Il consigliere finanziario del governo libanese nei negoziati con il Fondo monetario internazionale (FMI), Henri Chaoul, ha lasciato il suo incarico questo mese a causa dell’impossibilità di ristrutturare il settore bancario, e per il fatto che il sistema libanese non vuole cambiare perché coloro che dovrebbero riformarlo sono il sistema stesso. Qualcosa che accade quando i politici sono, a loro volta, azionisti di banche e società. La riforma del sistema richiede loro di pagare i soldi saccheggiati ai cittadini … ma è molto più facile ritenere i lavoratori libanesi responsabili della crisi.

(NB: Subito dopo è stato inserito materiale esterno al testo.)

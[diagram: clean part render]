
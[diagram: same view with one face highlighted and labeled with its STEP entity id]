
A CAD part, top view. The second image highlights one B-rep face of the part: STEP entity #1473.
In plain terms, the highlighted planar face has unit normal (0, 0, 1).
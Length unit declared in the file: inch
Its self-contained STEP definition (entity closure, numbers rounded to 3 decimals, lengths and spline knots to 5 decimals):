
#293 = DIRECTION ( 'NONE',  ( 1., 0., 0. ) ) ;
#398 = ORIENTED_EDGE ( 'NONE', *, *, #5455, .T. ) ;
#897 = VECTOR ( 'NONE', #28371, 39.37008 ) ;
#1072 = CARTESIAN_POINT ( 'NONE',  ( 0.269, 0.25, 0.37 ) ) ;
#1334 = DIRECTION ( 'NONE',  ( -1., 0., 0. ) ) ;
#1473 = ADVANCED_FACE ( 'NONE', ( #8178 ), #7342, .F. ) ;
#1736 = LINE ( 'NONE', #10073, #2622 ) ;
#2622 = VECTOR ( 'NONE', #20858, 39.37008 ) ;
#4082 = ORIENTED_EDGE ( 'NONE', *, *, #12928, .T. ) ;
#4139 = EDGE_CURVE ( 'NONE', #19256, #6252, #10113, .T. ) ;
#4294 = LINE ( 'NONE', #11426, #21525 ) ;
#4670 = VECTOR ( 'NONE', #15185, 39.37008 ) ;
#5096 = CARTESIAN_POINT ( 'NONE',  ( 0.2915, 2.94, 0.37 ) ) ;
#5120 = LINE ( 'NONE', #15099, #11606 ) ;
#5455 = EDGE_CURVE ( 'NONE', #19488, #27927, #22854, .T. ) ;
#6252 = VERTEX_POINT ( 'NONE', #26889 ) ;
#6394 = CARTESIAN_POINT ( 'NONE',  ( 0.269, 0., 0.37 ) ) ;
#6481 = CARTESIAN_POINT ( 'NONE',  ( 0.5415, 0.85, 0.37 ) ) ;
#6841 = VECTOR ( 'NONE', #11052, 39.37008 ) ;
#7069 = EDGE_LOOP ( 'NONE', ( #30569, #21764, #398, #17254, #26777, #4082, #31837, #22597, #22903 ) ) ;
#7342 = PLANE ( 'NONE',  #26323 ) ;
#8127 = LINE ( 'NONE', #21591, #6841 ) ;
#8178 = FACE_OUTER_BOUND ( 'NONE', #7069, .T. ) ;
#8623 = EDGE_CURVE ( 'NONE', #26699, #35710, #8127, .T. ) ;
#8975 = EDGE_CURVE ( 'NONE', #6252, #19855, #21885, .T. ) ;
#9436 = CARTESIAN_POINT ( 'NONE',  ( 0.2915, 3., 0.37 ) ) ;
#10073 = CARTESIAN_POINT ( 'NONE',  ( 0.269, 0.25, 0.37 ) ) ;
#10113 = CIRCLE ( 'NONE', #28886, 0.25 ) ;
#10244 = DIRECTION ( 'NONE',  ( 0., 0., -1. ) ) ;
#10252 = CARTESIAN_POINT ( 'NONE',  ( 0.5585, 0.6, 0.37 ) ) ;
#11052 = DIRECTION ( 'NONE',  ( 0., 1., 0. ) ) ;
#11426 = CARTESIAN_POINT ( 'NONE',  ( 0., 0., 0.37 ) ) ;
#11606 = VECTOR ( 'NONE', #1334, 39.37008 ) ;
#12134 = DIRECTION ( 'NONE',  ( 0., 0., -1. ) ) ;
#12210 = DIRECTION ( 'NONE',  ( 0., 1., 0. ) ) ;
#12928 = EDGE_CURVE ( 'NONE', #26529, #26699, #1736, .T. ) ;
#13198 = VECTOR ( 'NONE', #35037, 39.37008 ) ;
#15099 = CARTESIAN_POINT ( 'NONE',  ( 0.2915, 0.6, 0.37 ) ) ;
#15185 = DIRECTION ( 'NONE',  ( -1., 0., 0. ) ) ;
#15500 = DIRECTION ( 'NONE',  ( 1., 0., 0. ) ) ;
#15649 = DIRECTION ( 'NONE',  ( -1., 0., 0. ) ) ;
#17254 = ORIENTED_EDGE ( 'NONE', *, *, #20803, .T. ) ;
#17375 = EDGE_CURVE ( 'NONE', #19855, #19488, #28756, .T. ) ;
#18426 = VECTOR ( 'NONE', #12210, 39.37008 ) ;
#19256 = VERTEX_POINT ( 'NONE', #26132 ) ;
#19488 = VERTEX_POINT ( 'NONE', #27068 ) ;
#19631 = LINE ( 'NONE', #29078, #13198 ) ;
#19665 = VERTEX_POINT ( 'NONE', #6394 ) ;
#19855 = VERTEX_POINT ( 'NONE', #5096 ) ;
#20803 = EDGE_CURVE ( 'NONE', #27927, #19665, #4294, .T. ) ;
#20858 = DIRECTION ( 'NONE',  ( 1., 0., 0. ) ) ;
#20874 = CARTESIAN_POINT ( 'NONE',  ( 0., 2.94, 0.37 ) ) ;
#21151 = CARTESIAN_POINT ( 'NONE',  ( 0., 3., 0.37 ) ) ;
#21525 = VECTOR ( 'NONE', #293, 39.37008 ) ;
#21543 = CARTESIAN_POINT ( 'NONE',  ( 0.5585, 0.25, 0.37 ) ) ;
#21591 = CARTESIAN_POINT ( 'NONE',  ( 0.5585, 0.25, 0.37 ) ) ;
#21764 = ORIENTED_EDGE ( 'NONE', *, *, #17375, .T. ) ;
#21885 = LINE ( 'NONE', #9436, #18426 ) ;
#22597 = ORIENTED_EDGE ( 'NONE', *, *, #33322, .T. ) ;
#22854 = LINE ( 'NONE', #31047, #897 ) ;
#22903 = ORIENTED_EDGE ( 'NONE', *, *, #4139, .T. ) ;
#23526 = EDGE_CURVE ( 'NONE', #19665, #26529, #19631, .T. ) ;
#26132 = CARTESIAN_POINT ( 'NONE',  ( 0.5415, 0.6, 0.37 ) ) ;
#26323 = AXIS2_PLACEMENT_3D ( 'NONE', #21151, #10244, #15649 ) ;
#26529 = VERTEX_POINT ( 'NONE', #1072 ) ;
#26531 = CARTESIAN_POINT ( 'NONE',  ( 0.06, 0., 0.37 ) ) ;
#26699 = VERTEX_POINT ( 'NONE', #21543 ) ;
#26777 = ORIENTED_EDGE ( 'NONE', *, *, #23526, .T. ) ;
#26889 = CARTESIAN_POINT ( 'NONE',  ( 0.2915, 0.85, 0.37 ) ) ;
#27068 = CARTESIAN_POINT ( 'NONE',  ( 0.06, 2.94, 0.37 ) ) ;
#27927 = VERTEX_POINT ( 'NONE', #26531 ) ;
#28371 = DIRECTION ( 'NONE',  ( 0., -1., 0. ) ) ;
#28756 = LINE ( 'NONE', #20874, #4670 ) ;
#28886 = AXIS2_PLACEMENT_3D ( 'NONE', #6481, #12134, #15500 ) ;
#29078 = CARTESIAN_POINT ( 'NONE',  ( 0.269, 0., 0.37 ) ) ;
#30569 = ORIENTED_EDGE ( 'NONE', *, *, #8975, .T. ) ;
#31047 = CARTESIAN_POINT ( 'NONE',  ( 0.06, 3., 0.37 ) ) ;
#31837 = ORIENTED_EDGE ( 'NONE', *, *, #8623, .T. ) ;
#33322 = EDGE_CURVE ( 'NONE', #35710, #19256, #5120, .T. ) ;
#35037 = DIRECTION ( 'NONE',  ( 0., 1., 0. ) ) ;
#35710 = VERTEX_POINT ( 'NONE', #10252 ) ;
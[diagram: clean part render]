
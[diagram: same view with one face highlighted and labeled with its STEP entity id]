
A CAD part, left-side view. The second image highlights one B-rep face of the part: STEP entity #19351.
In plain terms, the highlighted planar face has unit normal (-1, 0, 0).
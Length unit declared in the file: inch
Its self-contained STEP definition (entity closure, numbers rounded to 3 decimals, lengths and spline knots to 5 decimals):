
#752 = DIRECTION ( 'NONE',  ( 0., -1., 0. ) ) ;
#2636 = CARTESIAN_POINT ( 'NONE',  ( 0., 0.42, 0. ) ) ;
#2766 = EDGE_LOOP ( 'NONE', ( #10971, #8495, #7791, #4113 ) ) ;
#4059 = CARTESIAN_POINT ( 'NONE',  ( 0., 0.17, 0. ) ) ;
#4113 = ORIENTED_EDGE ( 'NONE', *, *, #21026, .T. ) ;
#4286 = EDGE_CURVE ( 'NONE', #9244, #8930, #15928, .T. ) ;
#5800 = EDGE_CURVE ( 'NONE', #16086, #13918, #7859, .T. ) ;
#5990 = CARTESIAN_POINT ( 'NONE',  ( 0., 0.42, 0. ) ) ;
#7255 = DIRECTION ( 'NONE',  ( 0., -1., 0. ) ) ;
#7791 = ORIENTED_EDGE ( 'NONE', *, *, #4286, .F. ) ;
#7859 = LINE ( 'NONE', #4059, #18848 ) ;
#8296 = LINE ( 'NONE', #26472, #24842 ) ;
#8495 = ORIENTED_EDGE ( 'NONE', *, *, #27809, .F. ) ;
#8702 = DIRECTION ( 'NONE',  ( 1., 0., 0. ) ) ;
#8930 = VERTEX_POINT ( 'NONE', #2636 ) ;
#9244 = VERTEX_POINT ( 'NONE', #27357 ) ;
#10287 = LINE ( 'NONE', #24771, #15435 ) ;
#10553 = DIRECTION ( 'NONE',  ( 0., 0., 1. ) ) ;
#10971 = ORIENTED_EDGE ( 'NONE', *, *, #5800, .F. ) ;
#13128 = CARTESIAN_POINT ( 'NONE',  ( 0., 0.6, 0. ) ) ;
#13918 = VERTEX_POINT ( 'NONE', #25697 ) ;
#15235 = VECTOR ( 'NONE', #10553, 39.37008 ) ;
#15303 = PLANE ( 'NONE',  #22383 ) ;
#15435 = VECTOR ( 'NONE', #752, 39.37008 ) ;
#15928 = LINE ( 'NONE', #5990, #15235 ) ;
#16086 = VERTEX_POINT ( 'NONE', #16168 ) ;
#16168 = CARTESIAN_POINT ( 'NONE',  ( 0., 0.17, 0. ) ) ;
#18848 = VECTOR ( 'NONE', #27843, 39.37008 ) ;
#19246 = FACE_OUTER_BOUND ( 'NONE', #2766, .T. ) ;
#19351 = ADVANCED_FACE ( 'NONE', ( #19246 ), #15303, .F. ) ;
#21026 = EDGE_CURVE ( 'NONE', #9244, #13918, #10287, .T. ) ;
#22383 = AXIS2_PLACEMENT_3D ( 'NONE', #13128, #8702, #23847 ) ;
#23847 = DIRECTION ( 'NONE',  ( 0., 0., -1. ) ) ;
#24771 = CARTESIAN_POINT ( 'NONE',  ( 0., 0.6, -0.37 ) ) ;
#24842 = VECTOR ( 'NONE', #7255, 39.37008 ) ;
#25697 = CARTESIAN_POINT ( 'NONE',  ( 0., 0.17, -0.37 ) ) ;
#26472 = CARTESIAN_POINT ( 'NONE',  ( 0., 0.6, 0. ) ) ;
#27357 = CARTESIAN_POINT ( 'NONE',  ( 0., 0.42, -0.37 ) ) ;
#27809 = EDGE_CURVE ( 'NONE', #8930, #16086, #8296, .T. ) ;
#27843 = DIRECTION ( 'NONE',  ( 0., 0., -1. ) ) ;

La classe politica che dovrebbe risolvere i problemi del Libano non è nemmeno d’accordo nel rilevare i problemi del paese, che hanno portato a una crisi economica con miliardi di perdite nel settore finanziario. Né le autorità né le istituzioni concordano, e ognuna fornisce le proprie cifre, così contraddittorie che variano tra 80.000 e 241.000 milioni di dollari di perdite. Tuttavia, i cittadini sono al limite a causa di una situazione che non sembra nemmeno essere invertita a breve, medio e lungo termine. Ciò ha causato che dopo diversi mesi di arresto a causa del coronavirus, le strade si riempiono e bruciano di nuovo, mettendo in evidenza gli scontri tra manifestanti e autorità a Tripoli.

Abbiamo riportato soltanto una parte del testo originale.